La seconda soluzione è più generale e mira a ristabilire un “nuovo contratto sociale”, considerato che «la sostituzione massiccia del lavoro umano con quello delle macchine lascia la massa lavoratrice priva di un’autodefinizione e di una funzione sociale». È qui che Rifkin si rivela più propositivo e lungimirante – nonché più anarchico.
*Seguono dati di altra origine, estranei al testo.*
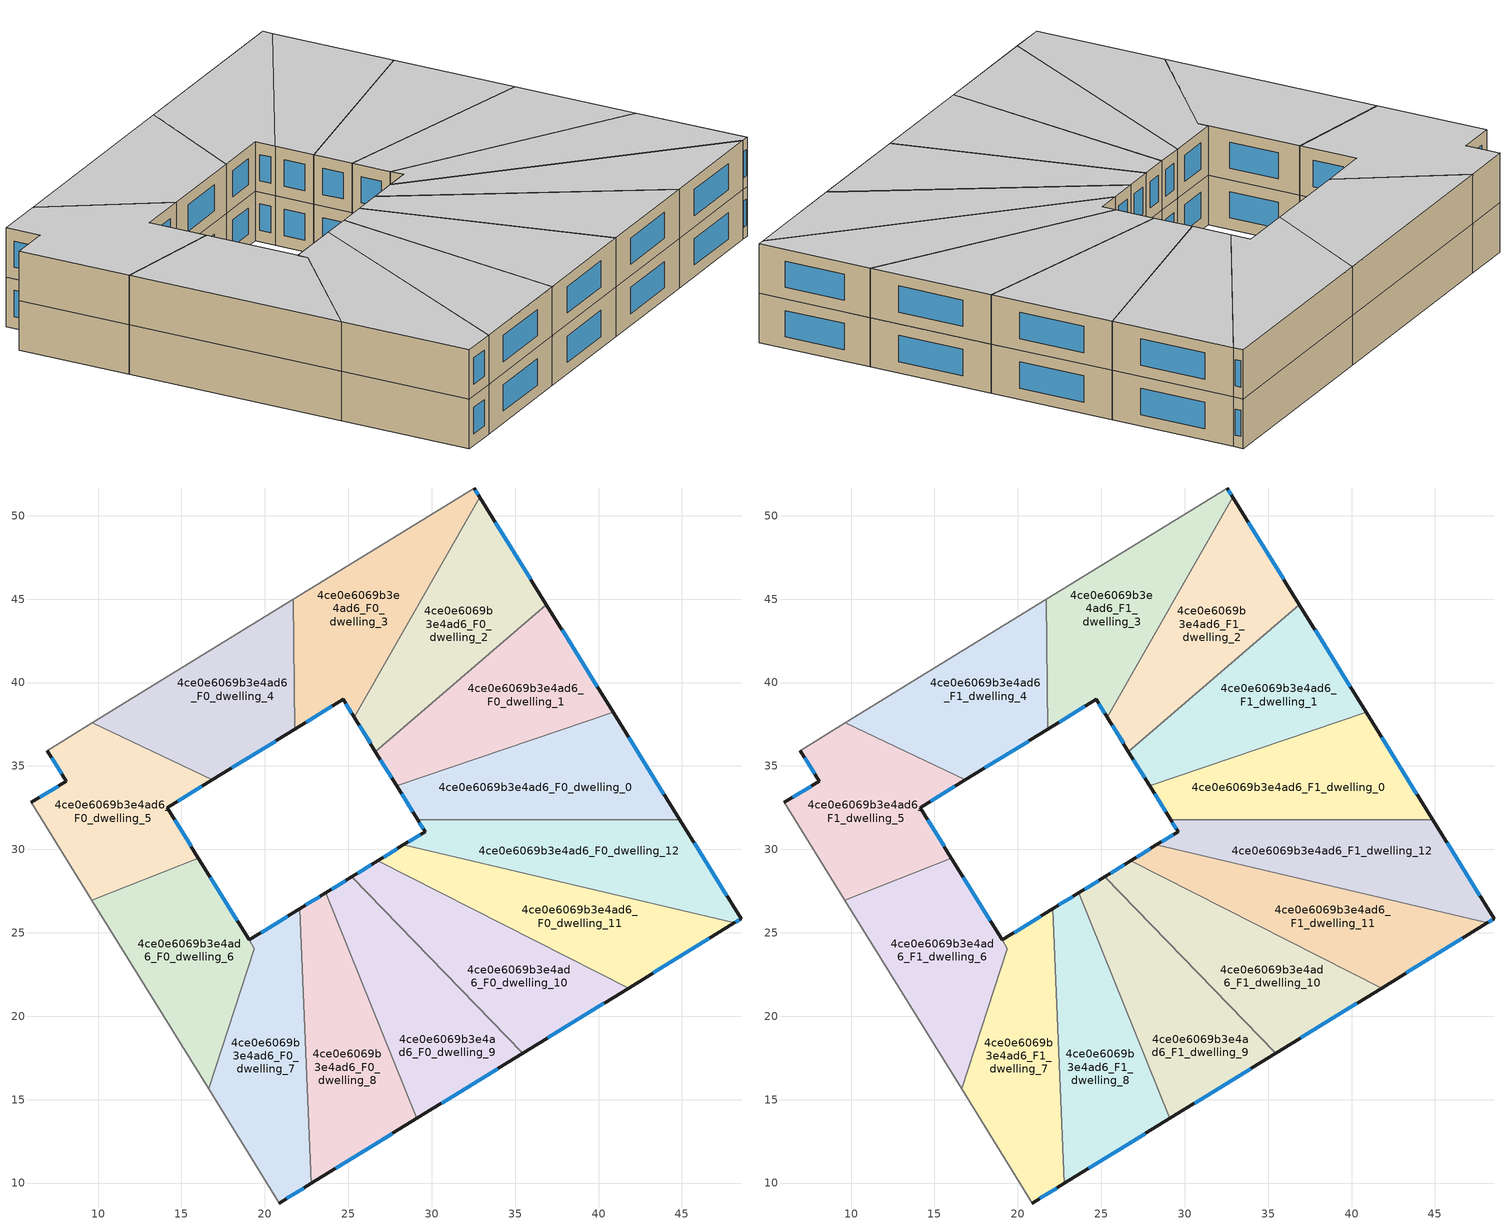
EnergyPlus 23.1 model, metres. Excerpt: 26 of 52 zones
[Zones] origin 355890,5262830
4ce0e6069b3e4ad6_F0_dwelling_0
 floor ground (EU_floor_Construction): 40.86,38.23 44.86,31.78 29.16,31.78 27.89,33.82 z0
 wall outside (EU_wall_Construction): 27.89,33.82 29.16,31.78 / 44.86,31.78 40.86,38.23 z0:3
 wall to 4ce0e6069b3e4ad6_F0_dwelling_1 (EU_wall_Construction): 40.86,38.23 27.89,33.82 z0:3
 wall to 4ce0e6069b3e4ad6_F0_dwelling_12 (EU_wall_Construction): 29.16,31.78 44.86,31.78 z0:3
 window (EU_Window_Construction): 28.19,33.34 28.86,32.26 / 43.92,33.29 41.8,36.71 z0.7:2.3
4ce0e6069b3e4ad6_F0_dwelling_1
 floor ground (EU_floor_Construction): 36.87,44.67 40.86,38.23 27.89,33.82 26.63,35.87 z0
 wall outside (EU_wall_Construction): 26.63,35.87 27.89,33.82 / 40.86,38.23 36.87,44.67 z0:3
 wall to 4ce0e6069b3e4ad6_F0_dwelling_2 (EU_wall_Construction): 36.87,44.67 26.63,35.87 z0:3
 window (EU_Window_Construction): 26.93,35.39 27.6,34.3 / 39.93,39.74 37.81,43.16 z0.7:2.3
4ce0e6069b3e4ad6_F0_dwelling_10
 floor ground (EU_floor_Construction): 41.79,21.68 35.45,17.78 25.2,28.35 26.75,29.31 z0
 wall outside (EU_wall_Construction): 26.75,29.31 25.2,28.35 / 35.45,17.78 41.79,21.68 z0:3
 wall to 4ce0e6069b3e4ad6_F0_dwelling_9 (EU_wall_Construction): 25.2,28.35 35.45,17.78 z0:3
 wall to 4ce0e6069b3e4ad6_F0_dwelling_11 (EU_wall_Construction): 41.79,21.68 26.75,29.31 z0:3
 window (EU_Window_Construction): 26.39,29.08 25.56,28.58 / 36.94,18.7 40.3,20.77 z0.7:2.3
4ce0e6069b3e4ad6_F0_dwelling_11
 floor ground (EU_floor_Construction): 48.14,25.59 41.79,21.68 26.75,29.31 28.3,30.26 z0
 wall outside (EU_wall_Construction): 28.3,30.26 26.75,29.31 / 41.79,21.68 48.14,25.59 z0:3
 wall to 4ce0e6069b3e4ad6_F0_dwelling_12 (EU_wall_Construction): 48.13,25.59 28.3,30.26 z0:3
 window (EU_Window_Construction): 27.94,30.04 27.12,29.53 / 43.28,22.6 46.65,24.67 z0.7:2.3
4ce0e6069b3e4ad6_F0_dwelling_12
 floor ground (EU_floor_Construction): 44.86,31.78 48.54,25.84 48.14,25.59 28.3,30.26 29.6,31.06 29.16,31.78 z0
 wall outside (EU_wall_Construction): 29.16,31.78 29.6,31.06 28.3,30.26 / 48.14,25.59 48.54,25.84 44.86,31.78 z0:3
 window (EU_Window_Construction): 29.3,30.87 28.61,30.45 / 29.26,31.61 29.5,31.23 / 47.67,27.23 45.72,30.38 / 48.23,25.65 48.44,25.78 z0.7:2.3
4ce0e6069b3e4ad6_F0_dwelling_2
 floor ground (EU_floor_Construction): 32.88,51.12 36.87,44.67 26.63,35.87 25.36,37.91 z0
 wall outside (EU_wall_Construction): 25.36,37.91 26.63,35.87 / 36.87,44.67 32.88,51.12 z0:3
 wall to 4ce0e6069b3e4ad6_F0_dwelling_3 (EU_wall_Construction): 32.88,51.12 25.36,37.91 z0:3
 window (EU_Window_Construction): 25.66,37.43 26.33,36.35 / 35.94,46.19 33.82,49.61 z0.7:2.3
4ce0e6069b3e4ad6_F0_dwelling_3
 floor ground (EU_floor_Construction): 32.54,51.66 32.88,51.12 25.36,37.91 24.7,38.99 21.8,37.21 21.69,44.99 z0
 wall outside (EU_wall_Construction): 21.8,37.21 24.7,38.99 25.36,37.91 / 32.88,51.12 32.54,51.66 z0:3
 wall adiabatic (EU_wall_Construction): 32.54,51.66 21.69,44.99 z0:3
 wall to 4ce0e6069b3e4ad6_F0_dwelling_4 (EU_wall_Construction): 21.69,44.99 21.8,37.21 z0:3
 window (EU_Window_Construction): 24.85,38.74 25.21,38.16 / 22.48,37.62 24.02,38.57 / 32.8,51.25 32.62,51.53 z0.7:2.3
4ce0e6069b3e4ad6_F0_dwelling_4
 floor ground (EU_floor_Construction): 21.69,44.99 21.8,37.21 16.85,34.16 9.65,37.58 z0
 wall outside (EU_wall_Construction): 16.85,34.16 21.8,37.21 z0:3
 wall adiabatic (EU_wall_Construction): 21.69,44.99 9.65,37.58 z0:3
 wall to 4ce0e6069b3e4ad6_F0_dwelling_5 (EU_wall_Construction): 9.65,37.58 16.85,34.16 z0:3
 window (EU_Window_Construction): 18.01,34.88 20.64,36.49 z0.7:2.3
4ce0e6069b3e4ad6_F0_dwelling_5
 floor ground (EU_floor_Construction): 16.85,34.16 14.15,32.5 16.02,29.47 9.63,26.95 6.01,32.81 8.09,34.09 6.96,35.92 9.65,37.58 z0
 wall outside (EU_wall_Construction): 6.96,35.92 8.09,34.09 6.01,32.81 / 16.02,29.47 14.15,32.5 16.85,34.16 z0:3
 wall adiabatic (EU_wall_Construction): 9.65,37.58 6.96,35.92 / 6.01,32.81 9.63,26.95 z0:3
 wall to 4ce0e6069b3e4ad6_F0_dwelling_6 (EU_wall_Construction): 9.63,26.95 16.02,29.47 z0:3
 window (EU_Window_Construction): 7.22,35.49 7.82,34.52 / 14.78,32.89 16.22,33.77 / 15.58,30.18 14.59,31.79 / 7.6,33.79 6.5,33.11 z0.7:2.3
4ce0e6069b3e4ad6_F0_dwelling_6
 floor ground (EU_floor_Construction): 16.02,29.47 19.05,24.58 19.37,24.05 16.64,15.64 9.63,26.95 z0
 wall outside (EU_wall_Construction): 19.05,24.58 16.02,29.47 z0:3
 wall adiabatic (EU_wall_Construction): 9.63,26.95 16.64,15.64 z0:3
 wall to 4ce0e6069b3e4ad6_F0_dwelling_7 (EU_wall_Construction): 16.64,15.64 19.37,24.05 / 19.37,24.06 19.05,24.57 z0:3
 window (EU_Window_Construction): 18.34,25.72 16.73,28.32 z0.7:2.3
4ce0e6069b3e4ad6_F0_dwelling_7
 floor ground (EU_floor_Construction): 22.09,26.44 22.77,9.97 20.87,8.8 16.64,15.64 19.37,24.06 19.05,24.57 z0
 wall outside (EU_wall_Construction): 22.09,26.44 19.05,24.57 / 20.87,8.8 22.77,9.97 z0:3
 wall adiabatic (EU_wall_Construction): 16.64,15.64 20.87,8.8 z0:3
 wall to 4ce0e6069b3e4ad6_F0_dwelling_8 (EU_wall_Construction): 22.77,9.97 22.09,26.44 z0:3
 window (EU_Window_Construction): 21.38,26 19.77,25.01 / 21.32,9.08 22.32,9.7 z0.7:2.3
4ce0e6069b3e4ad6_F0_dwelling_8
 floor ground (EU_floor_Construction): 23.65,27.4 29.11,13.88 22.77,9.97 22.09,26.44 z0
 wall outside (EU_wall_Construction): 23.65,27.4 22.09,26.44 / 22.77,9.97 29.11,13.88 z0:3
 wall to 4ce0e6069b3e4ad6_F0_dwelling_9 (EU_wall_Construction): 29.11,13.88 23.65,27.4 z0:3
 window (EU_Window_Construction): 23.28,27.17 22.46,26.67 / 24.26,10.89 27.62,12.96 z0.7:2.3
4ce0e6069b3e4ad6_F0_dwelling_9
 floor ground (EU_floor_Construction): 25.2,28.35 35.45,17.78 29.11,13.88 23.65,27.4 z0
 wall outside (EU_wall_Construction): 25.2,28.35 23.65,27.4 / 29.11,13.88 35.45,17.78 z0:3
 window (EU_Window_Construction): 24.83,28.13 24.01,27.62 / 30.6,14.79 33.96,16.86 z0.7:2.3
4ce0e6069b3e4ad6_F1_dwelling_0
 floor to 4ce0e6069b3e4ad6_F0_dwelling_0 (EU_floor_Construction): 40.86,38.23 44.86,31.78 29.16,31.78 27.89,33.82 z3
 wall outside (EU_wall_Construction): 27.89,33.82 29.16,31.78 / 44.86,31.78 40.86,38.23 z3:6
 wall to 4ce0e6069b3e4ad6_F1_dwelling_1 (EU_wall_Construction): 40.86,38.23 27.89,33.82 z3:6
 wall to 4ce0e6069b3e4ad6_F1_dwelling_12 (EU_wall_Construction): 29.16,31.78 44.86,31.78 z3:6
 window (EU_Window_Construction): 28.19,33.34 28.86,32.26 / 43.92,33.29 41.8,36.71 z3.7:5.3
 ceiling to 4ce0e6069b3e4ad6_F2_dwelling_0 (EU_floor_Construction): 44.86,31.78 40.86,38.23 27.89,33.82 29.16,31.78 z6
4ce0e6069b3e4ad6_F1_dwelling_1
 floor to 4ce0e6069b3e4ad6_F0_dwelling_1 (EU_floor_Construction): 36.87,44.67 40.86,38.23 27.89,33.82 26.63,35.87 z3
 wall outside (EU_wall_Construction): 26.63,35.87 27.89,33.82 / 40.86,38.23 36.87,44.67 z3:6
 wall to 4ce0e6069b3e4ad6_F1_dwelling_2 (EU_wall_Construction): 36.87,44.67 26.63,35.87 z3:6
 window (EU_Window_Construction): 26.93,35.39 27.6,34.3 / 39.93,39.74 37.81,43.16 z3.7:5.3
 ceiling to 4ce0e6069b3e4ad6_F2_dwelling_1 (EU_floor_Construction): 40.86,38.23 36.87,44.67 26.63,35.87 27.89,33.82 z6
4ce0e6069b3e4ad6_F1_dwelling_10
 floor to 4ce0e6069b3e4ad6_F0_dwelling_10 (EU_floor_Construction): 41.79,21.68 35.45,17.78 25.2,28.35 26.75,29.31 z3
 wall outside (EU_wall_Construction): 26.75,29.31 25.2,28.35 / 35.45,17.78 41.79,21.68 z3:6
 wall to 4ce0e6069b3e4ad6_F1_dwelling_9 (EU_wall_Construction): 25.2,28.35 35.45,17.78 z3:6
 wall to 4ce0e6069b3e4ad6_F1_dwelling_11 (EU_wall_Construction): 41.79,21.68 26.75,29.31 z3:6
 window (EU_Window_Construction): 26.39,29.08 25.56,28.58 / 36.94,18.7 40.3,20.77 z3.7:5.3
 ceiling to 4ce0e6069b3e4ad6_F2_dwelling_10 (EU_floor_Construction): 41.79,21.68 26.75,29.31 25.2,28.35 35.45,17.78 z6
4ce0e6069b3e4ad6_F1_dwelling_11
 floor to 4ce0e6069b3e4ad6_F0_dwelling_11 (EU_floor_Construction): 48.13,25.59 41.79,21.68 26.75,29.31 28.3,30.26 z3
 wall outside (EU_wall_Construction): 28.3,30.26 26.75,29.31 / 41.79,21.68 48.14,25.59 z3:6
 wall to 4ce0e6069b3e4ad6_F1_dwelling_12 (EU_wall_Construction): 48.13,25.59 28.3,30.26 z3:6
 window (EU_Window_Construction): 27.94,30.04 27.12,29.53 / 43.28,22.6 46.65,24.67 z3.7:5.3
 ceiling to 4ce0e6069b3e4ad6_F2_dwelling_11 (EU_floor_Construction): 48.13,25.59 28.3,30.26 26.75,29.31 41.79,21.68 z6
4ce0e6069b3e4ad6_F1_dwelling_12
 floor to 4ce0e6069b3e4ad6_F0_dwelling_12 (EU_floor_Construction): 44.86,31.78 48.54,25.84 48.13,25.59 28.3,30.26 29.6,31.06 29.16,31.78 z3
 wall outside (EU_wall_Construction): 29.16,31.78 29.6,31.06 28.3,30.26 / 48.14,25.59 48.54,25.84 44.86,31.78 z3:6
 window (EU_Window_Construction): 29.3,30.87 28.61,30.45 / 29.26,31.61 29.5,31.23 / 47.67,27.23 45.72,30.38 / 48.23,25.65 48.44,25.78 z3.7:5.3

Basti leggere questo periodo (e incorniciarselo bene in mente): «Oggi – con il settore commerciale e quello pubblico che non sono più in grado di garantire alcuni dei bisogni fondamentali della gente – i cittadini hanno la possibilità di ricominciare a guardare a sé stessi, ristabilendo uno spirito comunitario che possa fungere da ammortizzatore tanto delle forze impersonali del mercato globale, quanto dell’incompetenza e della debolezza delle autorità di governo centrale». Rifkin auspica «la ricostruzione di migliaia di comunità locali e la creazione di una terza forza che riesca a sopravvivere indipendente dal privato e dal pubblico». Dovremmo insomma impegnarci in questo “terzo settore” che sta tra il pubblico/Stato e il privato/mercato, pur essendo ben distante da entrambe queste funeste realtà. Rifkin stesso – al di là dell’esortazione a fondare enclave libertarie – pensa che un governo realmente democratico dovrebbe stimolare il volontarismo, riconoscendolo e incentivandolo.

Esodata

Certo, non è semplice parlare di simili argomenti. C’è sempre lo spauracchio “da dove prendere i soldi” (chi però ne è ossessionato dimentica che potremmo provvedere autosufficientemente a buona parte dei nostri bisogni nell’ambito di piccole e funzionali comunità…). Resta poi il problema di cosa fare con gli “esodati”, ai quali simili discorsi possono apparire semplicemente inconcepibili… Sono dilemmi complessi, e non è agevole trattarli in poche righe. Proviamo nondimeno a chiudere, sulla scorta di Rifkin, con uno spiraglio di speranza. «La fine del lavoro potrà pronunciare la sentenza di morte della nostra civiltà o dare il segnale di partenza di una grande trasformazione, di una rinascita dello spirito umano. Il futuro è nelle nostre mani».

(Recensione anarchica pubblicata nel numero 323 di Sicilia Libertaria).